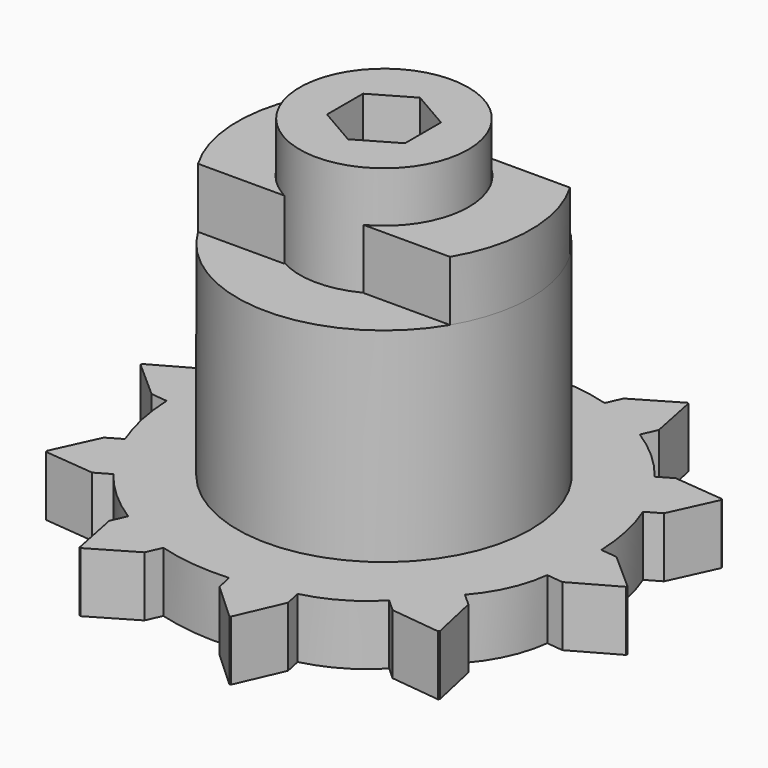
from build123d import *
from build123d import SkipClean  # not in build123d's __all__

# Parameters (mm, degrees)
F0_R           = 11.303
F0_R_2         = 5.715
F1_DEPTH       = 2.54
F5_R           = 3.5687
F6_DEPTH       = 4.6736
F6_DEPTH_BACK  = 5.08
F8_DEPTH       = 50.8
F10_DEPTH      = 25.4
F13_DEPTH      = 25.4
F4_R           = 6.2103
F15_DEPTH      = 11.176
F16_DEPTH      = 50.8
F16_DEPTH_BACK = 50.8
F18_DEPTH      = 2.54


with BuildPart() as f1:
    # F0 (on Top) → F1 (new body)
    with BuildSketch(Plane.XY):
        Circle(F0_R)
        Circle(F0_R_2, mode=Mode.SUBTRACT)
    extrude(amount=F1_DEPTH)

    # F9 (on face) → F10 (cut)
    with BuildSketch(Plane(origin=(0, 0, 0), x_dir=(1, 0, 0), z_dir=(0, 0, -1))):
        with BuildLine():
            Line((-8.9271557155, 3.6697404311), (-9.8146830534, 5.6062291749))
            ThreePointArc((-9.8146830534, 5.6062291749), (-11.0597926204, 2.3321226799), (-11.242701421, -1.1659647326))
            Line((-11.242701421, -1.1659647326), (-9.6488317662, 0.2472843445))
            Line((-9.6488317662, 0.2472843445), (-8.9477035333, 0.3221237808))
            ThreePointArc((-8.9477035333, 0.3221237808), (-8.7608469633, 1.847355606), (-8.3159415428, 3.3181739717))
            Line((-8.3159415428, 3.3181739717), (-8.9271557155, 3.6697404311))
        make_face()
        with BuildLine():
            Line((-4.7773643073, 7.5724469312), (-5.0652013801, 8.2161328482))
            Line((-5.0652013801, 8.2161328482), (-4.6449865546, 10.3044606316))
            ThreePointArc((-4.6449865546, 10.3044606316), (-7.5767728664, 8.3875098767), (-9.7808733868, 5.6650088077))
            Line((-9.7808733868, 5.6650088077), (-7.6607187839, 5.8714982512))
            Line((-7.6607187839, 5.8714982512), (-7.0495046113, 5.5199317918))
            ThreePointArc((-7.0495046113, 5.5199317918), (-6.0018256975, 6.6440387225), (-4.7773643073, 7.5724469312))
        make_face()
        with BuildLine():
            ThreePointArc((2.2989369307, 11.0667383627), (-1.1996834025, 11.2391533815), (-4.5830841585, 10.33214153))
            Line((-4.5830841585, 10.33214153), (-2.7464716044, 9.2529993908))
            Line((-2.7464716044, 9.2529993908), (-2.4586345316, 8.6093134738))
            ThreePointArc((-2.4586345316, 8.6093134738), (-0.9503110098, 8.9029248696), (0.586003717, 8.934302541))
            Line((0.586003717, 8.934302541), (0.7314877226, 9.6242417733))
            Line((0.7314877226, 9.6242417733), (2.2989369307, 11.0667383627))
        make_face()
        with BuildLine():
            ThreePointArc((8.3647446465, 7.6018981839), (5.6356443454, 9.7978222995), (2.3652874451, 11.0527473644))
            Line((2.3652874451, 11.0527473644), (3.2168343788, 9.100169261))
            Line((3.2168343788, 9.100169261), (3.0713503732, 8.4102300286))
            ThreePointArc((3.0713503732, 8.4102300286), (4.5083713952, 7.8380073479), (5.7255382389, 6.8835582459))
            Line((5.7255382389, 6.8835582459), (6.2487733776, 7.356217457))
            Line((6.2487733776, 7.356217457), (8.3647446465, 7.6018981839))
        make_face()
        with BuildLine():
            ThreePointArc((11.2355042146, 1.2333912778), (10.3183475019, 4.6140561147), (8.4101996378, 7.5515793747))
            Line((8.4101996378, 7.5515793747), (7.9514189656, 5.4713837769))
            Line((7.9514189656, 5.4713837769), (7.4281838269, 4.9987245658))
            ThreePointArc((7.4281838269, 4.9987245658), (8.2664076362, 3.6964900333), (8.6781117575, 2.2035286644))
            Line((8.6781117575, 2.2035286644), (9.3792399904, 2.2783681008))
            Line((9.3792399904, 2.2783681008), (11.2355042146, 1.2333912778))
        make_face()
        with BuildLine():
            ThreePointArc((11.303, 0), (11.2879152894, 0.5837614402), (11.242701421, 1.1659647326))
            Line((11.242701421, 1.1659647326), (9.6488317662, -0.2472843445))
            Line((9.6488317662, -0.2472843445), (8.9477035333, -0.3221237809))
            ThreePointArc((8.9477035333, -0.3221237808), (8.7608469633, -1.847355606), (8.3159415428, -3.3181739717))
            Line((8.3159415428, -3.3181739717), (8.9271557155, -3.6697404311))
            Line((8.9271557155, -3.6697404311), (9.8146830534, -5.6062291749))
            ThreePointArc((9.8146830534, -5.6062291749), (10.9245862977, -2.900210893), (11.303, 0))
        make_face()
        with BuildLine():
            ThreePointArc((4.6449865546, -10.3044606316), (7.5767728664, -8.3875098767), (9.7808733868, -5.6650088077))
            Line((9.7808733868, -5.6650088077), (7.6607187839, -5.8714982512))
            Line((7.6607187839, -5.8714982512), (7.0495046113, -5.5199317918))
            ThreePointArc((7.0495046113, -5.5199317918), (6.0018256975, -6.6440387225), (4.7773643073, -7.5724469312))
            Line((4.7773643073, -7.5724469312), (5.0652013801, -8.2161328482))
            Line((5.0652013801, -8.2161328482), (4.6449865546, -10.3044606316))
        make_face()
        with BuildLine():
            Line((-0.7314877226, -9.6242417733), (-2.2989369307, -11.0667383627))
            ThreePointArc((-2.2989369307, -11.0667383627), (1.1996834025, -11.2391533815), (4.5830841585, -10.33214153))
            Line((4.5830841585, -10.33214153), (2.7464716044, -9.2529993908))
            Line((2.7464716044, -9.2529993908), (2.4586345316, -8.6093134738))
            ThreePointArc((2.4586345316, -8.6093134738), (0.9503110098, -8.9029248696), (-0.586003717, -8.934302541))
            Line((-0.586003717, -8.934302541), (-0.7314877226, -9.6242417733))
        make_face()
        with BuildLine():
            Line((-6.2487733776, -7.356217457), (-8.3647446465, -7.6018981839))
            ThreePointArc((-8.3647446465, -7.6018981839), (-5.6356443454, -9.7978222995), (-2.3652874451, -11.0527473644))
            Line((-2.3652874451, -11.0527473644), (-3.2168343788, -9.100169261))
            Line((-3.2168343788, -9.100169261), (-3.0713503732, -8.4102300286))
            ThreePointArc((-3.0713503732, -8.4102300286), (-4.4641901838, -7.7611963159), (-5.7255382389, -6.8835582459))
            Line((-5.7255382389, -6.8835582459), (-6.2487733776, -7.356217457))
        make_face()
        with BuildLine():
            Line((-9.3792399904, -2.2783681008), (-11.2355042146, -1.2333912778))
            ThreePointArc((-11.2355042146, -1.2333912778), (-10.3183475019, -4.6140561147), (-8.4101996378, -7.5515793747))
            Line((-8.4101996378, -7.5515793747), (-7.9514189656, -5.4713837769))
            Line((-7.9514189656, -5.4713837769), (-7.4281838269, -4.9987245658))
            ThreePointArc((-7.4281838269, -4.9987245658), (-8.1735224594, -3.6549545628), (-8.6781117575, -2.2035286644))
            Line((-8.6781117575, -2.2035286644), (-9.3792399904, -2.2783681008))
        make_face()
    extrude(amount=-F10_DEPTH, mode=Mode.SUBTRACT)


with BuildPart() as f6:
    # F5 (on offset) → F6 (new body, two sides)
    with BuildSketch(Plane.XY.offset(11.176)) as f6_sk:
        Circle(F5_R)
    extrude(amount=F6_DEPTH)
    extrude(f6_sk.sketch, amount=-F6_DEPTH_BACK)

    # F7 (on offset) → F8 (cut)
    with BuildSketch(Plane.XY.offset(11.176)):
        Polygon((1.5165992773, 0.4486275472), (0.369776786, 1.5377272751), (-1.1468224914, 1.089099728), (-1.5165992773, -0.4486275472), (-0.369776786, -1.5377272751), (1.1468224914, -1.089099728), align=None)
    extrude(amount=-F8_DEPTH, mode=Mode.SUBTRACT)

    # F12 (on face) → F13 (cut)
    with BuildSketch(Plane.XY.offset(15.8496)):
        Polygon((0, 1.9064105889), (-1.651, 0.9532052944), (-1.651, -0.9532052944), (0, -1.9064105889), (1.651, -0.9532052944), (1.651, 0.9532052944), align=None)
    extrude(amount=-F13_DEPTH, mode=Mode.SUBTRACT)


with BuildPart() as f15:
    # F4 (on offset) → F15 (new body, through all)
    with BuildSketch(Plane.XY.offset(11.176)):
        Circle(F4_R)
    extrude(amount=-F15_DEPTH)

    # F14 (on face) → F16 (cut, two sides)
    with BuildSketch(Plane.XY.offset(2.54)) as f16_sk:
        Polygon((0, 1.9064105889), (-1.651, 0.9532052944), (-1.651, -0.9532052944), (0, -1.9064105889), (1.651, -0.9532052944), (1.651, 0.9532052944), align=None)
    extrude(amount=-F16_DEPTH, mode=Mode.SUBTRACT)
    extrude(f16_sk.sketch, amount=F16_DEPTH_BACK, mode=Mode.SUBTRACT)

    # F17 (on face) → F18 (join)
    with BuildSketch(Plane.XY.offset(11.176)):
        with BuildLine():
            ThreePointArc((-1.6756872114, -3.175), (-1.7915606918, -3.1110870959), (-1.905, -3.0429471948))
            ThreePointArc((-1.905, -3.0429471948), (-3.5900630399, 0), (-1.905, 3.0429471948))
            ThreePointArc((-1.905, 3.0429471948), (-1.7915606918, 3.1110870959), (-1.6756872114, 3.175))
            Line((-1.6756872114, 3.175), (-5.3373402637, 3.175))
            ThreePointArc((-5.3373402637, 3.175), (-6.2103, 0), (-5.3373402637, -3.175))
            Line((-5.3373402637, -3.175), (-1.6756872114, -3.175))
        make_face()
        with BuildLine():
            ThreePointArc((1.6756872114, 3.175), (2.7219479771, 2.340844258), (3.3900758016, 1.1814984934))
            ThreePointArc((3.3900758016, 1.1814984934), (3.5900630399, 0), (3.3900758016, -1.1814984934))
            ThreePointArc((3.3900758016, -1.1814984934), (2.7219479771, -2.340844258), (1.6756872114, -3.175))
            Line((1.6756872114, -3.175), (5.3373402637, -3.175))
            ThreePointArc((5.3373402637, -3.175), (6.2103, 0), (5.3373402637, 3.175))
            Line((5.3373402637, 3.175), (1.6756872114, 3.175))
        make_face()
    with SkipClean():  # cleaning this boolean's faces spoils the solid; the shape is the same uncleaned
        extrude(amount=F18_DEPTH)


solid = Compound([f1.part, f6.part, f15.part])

=======

EXERCISE INSTRUCTIONS :: Every line above from the line with "-9.100169261), (-3.0713503732, -8.4102300286))" to the line with "-7.7611963159), (-5.7255382389, -6.8835582459))" is wanted, ends included; write them out exactly and add no other line.

SOLUTION TO THIS TASK ::
            Line((-3.2168343788, -9.100169261), (-3.0713503732, -8.4102300286))
            ThreePointArc((-3.0713503732, -8.4102300286), (-4.4641901838, -7.7611963159), (-5.7255382389, -6.8835582459))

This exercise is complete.